▶ EXERCISE
Where the word "layers" occurs in a line of the listing below, copy that line.

▶ DATA PROVIDED
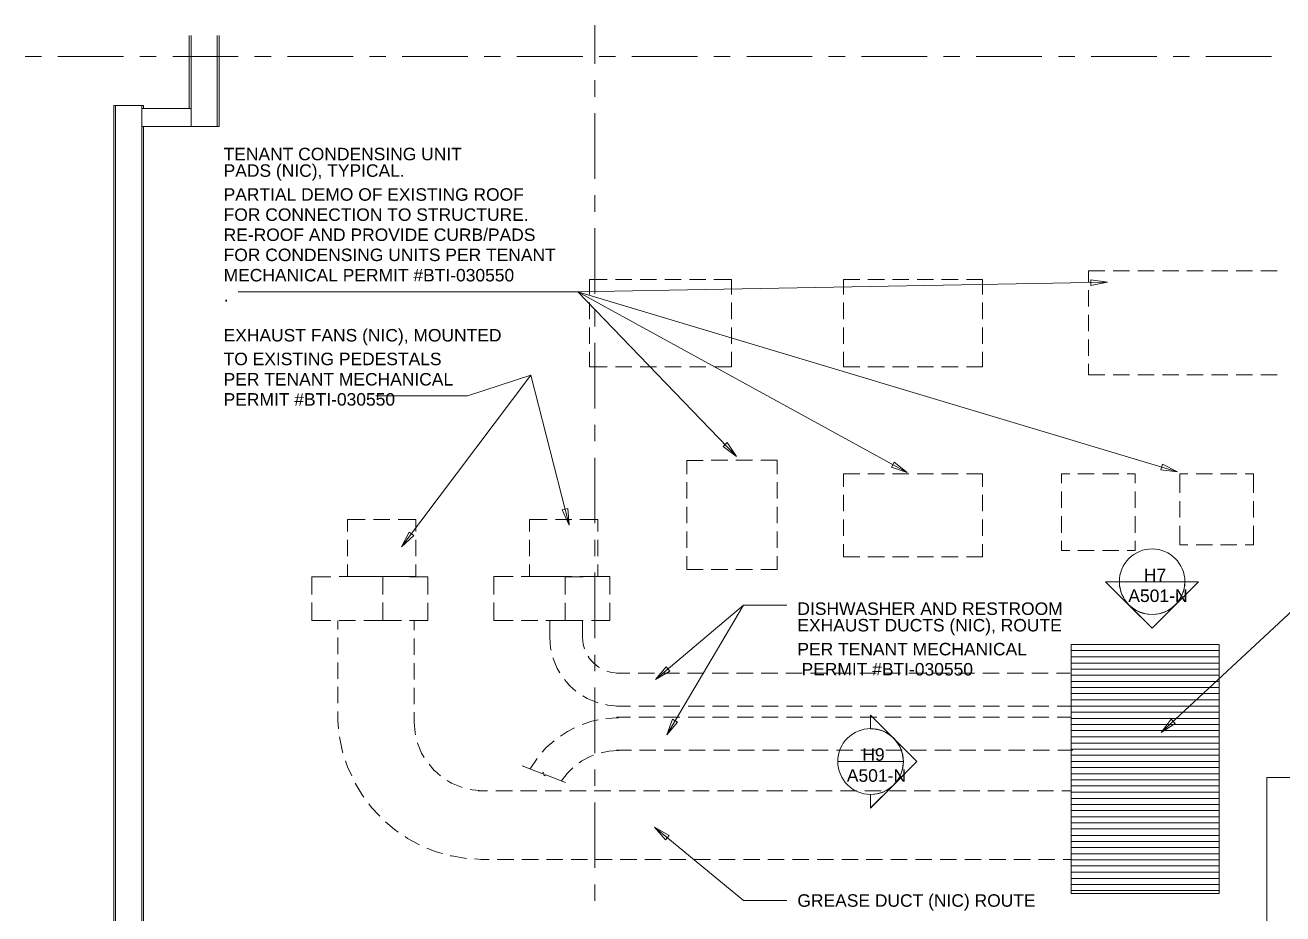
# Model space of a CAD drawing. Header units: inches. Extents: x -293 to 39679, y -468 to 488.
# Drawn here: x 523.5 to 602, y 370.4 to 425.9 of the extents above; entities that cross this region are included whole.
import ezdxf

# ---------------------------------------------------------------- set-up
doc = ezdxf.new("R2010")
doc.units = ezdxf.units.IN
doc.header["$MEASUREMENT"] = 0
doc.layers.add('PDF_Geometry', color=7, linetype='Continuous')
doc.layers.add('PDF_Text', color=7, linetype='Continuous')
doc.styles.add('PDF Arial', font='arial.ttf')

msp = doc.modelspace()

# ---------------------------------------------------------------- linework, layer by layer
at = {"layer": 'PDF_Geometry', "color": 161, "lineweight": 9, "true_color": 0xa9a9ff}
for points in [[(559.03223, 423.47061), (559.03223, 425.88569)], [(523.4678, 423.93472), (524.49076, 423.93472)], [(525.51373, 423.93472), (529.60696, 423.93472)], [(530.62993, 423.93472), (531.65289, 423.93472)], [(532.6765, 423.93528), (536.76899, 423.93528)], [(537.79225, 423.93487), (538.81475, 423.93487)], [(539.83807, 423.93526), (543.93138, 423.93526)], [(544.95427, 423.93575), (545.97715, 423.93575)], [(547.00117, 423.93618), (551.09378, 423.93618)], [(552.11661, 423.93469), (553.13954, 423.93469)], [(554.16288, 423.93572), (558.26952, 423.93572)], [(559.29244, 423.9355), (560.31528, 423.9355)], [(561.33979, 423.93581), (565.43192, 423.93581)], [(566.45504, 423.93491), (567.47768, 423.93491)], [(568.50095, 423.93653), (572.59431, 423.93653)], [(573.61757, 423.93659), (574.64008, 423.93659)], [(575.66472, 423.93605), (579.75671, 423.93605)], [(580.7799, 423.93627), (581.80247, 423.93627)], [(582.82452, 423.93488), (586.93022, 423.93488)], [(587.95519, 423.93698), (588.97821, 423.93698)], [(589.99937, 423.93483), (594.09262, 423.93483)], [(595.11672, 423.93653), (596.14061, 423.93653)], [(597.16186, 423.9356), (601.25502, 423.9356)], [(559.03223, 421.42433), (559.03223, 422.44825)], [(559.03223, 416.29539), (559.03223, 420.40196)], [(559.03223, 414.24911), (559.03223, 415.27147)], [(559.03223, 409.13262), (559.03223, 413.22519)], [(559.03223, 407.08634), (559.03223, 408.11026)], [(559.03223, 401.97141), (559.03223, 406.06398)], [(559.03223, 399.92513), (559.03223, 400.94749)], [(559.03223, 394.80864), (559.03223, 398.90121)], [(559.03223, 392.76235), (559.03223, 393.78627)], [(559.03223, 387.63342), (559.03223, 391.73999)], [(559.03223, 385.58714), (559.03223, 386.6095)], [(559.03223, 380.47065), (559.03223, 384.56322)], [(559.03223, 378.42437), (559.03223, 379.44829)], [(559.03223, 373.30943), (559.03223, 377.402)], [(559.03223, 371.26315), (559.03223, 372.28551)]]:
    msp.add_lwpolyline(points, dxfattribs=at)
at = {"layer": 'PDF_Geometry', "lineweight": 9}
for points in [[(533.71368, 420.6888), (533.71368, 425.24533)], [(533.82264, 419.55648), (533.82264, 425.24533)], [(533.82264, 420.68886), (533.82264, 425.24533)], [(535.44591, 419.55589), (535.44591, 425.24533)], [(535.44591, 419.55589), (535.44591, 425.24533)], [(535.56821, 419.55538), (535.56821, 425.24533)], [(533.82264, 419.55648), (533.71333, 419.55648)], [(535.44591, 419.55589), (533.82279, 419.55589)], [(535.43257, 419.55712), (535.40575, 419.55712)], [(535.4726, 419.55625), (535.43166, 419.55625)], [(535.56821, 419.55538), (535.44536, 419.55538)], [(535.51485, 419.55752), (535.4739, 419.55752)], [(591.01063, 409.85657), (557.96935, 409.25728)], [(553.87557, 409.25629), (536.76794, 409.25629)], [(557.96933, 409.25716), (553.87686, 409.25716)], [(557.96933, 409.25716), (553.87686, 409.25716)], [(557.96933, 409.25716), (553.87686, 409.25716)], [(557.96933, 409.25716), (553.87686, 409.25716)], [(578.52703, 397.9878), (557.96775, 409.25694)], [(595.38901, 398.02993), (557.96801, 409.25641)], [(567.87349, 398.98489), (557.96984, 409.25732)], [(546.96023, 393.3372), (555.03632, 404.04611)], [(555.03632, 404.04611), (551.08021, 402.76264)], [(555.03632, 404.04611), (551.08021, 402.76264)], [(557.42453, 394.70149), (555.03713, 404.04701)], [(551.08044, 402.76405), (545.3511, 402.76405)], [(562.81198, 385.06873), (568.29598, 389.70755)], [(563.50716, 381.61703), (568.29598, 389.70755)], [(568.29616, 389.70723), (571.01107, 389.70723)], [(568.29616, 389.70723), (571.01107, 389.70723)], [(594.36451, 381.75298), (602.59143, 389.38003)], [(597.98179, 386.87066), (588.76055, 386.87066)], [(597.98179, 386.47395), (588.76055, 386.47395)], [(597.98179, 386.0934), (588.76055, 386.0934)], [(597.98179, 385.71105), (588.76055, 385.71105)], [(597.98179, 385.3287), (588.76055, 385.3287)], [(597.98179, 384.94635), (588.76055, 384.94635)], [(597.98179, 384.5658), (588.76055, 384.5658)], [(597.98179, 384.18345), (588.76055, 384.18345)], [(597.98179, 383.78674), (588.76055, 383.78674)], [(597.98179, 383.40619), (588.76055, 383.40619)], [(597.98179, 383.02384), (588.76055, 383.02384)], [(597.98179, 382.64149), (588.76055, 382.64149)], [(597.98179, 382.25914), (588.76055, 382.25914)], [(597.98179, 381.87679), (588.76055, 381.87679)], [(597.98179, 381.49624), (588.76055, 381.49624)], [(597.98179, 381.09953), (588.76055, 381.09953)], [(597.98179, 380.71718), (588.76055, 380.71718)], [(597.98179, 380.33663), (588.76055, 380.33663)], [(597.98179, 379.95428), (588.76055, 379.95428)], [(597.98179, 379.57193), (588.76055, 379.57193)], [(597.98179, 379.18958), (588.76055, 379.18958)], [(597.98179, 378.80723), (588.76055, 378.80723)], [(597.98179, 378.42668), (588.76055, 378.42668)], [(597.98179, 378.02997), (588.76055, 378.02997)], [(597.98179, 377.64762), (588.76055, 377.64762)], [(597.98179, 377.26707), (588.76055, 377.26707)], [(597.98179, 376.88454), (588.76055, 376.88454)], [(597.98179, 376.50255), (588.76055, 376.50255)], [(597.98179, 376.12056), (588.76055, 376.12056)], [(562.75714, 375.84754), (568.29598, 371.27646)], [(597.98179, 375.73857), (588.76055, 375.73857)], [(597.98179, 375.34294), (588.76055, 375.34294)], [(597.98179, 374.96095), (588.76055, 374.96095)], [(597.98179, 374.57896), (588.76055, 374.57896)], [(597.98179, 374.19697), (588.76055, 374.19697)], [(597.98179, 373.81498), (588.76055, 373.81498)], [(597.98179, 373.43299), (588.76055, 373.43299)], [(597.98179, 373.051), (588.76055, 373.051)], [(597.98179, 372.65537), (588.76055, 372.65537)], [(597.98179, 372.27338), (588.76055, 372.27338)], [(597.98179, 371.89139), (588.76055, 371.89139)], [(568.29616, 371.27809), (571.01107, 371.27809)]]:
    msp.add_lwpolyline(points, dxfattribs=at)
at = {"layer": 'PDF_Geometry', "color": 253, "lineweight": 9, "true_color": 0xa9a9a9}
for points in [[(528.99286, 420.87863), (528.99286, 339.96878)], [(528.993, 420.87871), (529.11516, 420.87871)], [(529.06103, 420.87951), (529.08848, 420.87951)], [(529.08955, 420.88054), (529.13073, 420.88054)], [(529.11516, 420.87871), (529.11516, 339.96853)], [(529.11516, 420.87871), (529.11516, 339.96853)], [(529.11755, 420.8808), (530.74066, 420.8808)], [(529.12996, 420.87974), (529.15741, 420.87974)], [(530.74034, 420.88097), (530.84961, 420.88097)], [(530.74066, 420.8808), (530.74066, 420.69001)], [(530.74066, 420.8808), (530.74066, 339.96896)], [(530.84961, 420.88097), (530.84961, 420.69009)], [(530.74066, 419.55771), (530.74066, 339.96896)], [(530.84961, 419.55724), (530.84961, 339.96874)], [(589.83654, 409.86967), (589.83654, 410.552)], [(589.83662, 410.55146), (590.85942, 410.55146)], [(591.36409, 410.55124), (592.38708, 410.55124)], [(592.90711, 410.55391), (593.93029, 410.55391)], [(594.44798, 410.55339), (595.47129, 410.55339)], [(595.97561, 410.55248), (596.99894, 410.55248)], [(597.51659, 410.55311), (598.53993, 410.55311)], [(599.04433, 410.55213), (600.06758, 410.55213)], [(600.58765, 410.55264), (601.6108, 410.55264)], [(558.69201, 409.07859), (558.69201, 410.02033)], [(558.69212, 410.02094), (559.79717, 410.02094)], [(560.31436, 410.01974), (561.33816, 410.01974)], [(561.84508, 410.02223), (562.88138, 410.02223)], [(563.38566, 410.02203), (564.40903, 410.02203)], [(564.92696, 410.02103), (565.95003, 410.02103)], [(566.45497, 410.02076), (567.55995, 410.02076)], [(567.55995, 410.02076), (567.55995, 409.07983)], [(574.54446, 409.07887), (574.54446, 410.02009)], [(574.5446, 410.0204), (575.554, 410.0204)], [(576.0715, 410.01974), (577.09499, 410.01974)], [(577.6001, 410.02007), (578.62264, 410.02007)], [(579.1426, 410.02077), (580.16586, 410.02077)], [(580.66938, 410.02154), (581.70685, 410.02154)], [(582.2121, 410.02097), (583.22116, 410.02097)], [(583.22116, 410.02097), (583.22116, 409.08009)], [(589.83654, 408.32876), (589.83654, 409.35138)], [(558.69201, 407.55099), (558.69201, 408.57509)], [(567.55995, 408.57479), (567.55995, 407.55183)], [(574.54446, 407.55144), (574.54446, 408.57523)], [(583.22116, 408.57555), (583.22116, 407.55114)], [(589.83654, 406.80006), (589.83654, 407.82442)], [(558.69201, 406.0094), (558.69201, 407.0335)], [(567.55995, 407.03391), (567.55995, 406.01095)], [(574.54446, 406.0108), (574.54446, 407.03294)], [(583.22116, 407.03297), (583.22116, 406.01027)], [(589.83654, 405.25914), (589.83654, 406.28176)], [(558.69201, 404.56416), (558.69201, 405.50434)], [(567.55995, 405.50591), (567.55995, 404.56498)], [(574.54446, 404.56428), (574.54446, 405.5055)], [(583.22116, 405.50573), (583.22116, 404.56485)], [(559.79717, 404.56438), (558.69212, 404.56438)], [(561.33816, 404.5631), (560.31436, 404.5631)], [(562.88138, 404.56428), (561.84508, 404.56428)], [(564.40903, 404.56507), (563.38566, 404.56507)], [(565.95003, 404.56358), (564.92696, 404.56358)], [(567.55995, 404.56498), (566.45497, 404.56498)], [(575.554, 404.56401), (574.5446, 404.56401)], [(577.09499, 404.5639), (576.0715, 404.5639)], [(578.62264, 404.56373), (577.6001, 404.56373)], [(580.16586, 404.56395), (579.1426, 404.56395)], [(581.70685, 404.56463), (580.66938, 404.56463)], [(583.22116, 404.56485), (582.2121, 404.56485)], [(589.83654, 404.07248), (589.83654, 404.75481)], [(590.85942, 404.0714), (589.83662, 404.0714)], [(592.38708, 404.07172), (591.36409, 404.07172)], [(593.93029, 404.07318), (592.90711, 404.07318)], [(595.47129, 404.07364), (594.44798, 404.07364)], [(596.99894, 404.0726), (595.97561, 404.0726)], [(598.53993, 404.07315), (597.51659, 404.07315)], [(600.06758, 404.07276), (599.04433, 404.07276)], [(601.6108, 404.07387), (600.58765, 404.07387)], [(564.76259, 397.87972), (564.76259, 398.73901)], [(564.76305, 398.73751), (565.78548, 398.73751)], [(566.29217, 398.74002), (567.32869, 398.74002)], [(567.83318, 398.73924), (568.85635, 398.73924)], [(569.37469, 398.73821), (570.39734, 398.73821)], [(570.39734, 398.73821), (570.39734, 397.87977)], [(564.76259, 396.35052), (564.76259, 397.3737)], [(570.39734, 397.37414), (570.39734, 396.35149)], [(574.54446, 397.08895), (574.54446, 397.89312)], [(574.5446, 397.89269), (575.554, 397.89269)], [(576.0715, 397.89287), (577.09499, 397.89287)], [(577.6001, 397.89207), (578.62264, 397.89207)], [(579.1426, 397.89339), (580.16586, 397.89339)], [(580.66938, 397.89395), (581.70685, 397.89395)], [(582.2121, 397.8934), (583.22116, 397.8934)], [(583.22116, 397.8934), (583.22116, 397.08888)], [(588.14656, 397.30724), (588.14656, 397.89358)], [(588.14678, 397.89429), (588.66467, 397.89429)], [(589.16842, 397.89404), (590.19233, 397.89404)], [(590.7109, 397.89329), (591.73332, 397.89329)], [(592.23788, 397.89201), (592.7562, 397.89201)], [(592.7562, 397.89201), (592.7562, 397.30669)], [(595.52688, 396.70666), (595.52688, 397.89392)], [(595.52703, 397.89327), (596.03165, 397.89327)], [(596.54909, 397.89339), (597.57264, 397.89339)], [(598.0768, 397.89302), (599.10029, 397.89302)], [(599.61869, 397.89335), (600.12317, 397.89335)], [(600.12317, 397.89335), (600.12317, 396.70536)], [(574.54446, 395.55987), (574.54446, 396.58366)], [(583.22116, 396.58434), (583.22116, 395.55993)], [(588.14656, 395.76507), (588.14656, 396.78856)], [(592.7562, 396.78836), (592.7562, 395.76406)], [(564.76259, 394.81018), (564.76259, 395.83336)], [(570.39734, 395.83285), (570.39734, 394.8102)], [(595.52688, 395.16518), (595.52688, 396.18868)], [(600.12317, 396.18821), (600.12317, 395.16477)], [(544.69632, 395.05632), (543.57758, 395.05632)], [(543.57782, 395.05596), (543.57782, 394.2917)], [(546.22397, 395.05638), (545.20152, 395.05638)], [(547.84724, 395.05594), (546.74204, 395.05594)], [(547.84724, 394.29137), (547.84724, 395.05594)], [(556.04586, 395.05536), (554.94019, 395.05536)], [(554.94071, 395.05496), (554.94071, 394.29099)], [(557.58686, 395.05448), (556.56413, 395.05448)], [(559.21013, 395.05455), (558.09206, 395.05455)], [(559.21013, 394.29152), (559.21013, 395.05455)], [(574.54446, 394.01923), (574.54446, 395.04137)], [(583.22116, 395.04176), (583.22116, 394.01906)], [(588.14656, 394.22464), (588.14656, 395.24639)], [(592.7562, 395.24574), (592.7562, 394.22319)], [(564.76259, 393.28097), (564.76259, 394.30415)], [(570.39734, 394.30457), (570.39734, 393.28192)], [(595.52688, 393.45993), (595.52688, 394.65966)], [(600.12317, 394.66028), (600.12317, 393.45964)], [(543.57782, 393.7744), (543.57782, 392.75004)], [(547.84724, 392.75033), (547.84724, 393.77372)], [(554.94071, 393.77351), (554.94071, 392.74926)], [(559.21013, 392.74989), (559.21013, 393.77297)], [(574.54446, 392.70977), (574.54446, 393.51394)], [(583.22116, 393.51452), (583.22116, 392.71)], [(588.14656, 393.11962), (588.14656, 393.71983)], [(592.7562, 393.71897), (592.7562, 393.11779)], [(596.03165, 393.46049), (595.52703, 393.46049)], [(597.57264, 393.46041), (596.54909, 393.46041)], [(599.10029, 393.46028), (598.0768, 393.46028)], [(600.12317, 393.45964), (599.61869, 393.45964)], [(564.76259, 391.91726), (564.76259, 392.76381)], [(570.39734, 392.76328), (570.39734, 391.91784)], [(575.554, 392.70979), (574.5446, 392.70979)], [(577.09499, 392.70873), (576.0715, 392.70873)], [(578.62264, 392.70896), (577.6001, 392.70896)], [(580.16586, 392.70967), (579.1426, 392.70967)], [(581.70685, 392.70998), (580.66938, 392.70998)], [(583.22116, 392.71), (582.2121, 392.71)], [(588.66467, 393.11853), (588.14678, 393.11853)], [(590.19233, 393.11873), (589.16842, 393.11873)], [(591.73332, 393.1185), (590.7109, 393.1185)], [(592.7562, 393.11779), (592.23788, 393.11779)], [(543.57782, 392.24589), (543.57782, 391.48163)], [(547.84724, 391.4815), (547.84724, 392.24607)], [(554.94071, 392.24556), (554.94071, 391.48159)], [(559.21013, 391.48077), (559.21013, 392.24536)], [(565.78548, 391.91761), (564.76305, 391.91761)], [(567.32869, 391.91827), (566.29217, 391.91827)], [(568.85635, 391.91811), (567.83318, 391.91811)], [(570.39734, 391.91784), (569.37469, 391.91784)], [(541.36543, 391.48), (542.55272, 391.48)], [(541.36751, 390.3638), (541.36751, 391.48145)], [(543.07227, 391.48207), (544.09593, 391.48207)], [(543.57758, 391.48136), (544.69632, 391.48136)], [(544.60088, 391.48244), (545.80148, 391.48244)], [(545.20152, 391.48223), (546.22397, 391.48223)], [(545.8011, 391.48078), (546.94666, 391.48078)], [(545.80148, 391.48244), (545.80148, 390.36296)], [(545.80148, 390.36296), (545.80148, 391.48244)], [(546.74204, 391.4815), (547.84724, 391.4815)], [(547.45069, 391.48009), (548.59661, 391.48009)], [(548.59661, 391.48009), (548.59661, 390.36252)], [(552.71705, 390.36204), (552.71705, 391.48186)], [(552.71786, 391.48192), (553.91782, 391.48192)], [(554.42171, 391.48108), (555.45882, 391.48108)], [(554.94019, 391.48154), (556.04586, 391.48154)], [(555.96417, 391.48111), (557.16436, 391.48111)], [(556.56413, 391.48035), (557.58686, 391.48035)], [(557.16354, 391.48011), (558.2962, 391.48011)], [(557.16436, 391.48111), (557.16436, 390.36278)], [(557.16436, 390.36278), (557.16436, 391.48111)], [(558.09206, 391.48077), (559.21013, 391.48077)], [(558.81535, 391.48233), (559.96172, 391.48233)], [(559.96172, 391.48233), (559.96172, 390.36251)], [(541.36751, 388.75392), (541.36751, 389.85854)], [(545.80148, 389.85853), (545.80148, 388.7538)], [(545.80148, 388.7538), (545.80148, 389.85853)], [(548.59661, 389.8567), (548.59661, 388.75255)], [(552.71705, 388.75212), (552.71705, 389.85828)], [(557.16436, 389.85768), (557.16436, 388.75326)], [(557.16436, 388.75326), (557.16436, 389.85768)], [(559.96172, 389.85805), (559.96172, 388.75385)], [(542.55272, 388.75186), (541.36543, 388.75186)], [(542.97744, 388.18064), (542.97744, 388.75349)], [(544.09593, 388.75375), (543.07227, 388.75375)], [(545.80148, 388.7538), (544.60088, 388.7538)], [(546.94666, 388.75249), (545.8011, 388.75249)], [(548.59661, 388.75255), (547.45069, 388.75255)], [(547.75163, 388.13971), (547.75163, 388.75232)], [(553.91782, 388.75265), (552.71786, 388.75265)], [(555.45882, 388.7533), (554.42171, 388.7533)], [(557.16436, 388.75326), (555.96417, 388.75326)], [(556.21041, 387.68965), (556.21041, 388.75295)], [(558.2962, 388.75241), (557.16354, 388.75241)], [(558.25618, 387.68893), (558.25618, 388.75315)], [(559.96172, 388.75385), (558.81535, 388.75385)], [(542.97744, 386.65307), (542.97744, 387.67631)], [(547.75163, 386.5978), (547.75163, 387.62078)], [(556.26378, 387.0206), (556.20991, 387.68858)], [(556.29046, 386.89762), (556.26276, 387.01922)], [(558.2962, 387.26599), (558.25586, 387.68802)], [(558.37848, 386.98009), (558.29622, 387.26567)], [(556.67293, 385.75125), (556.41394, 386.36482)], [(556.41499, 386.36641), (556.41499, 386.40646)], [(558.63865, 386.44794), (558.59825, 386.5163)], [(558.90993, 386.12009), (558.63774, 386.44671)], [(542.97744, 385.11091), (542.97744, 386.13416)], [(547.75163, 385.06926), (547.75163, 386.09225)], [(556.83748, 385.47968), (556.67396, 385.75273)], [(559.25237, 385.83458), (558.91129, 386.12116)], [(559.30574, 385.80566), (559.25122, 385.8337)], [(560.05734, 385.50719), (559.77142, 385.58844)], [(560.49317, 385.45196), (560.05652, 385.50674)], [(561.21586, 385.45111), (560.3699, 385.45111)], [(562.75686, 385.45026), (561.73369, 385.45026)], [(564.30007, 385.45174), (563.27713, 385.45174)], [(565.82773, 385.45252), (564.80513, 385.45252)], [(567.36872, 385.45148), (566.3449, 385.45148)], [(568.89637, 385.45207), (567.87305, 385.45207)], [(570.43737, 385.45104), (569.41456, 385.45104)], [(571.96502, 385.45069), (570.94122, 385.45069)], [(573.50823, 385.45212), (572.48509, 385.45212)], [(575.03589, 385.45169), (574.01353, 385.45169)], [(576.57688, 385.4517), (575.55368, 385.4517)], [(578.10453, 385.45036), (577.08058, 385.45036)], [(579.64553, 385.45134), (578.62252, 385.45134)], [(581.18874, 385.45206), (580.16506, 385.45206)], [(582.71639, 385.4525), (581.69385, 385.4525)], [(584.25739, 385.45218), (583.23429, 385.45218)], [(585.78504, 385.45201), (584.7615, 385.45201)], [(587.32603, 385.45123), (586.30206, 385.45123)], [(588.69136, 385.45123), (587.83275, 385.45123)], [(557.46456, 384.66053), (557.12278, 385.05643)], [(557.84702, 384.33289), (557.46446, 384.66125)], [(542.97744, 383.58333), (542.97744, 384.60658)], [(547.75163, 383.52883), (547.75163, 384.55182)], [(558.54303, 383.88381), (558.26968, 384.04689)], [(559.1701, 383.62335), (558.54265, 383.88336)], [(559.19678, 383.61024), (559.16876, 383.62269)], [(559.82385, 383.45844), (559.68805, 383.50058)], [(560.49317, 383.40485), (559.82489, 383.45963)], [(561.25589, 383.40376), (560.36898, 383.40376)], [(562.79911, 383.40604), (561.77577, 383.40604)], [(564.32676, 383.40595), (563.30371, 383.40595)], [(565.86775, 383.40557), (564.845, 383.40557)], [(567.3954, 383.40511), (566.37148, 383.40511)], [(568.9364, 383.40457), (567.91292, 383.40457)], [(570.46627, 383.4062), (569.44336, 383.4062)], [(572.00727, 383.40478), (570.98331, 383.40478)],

▶ RESULT OF THIS TASK
doc.layers.add('PDF_Geometry', color=7, linetype='Continuous')
doc.layers.add('PDF_Text', color=7, linetype='Continuous')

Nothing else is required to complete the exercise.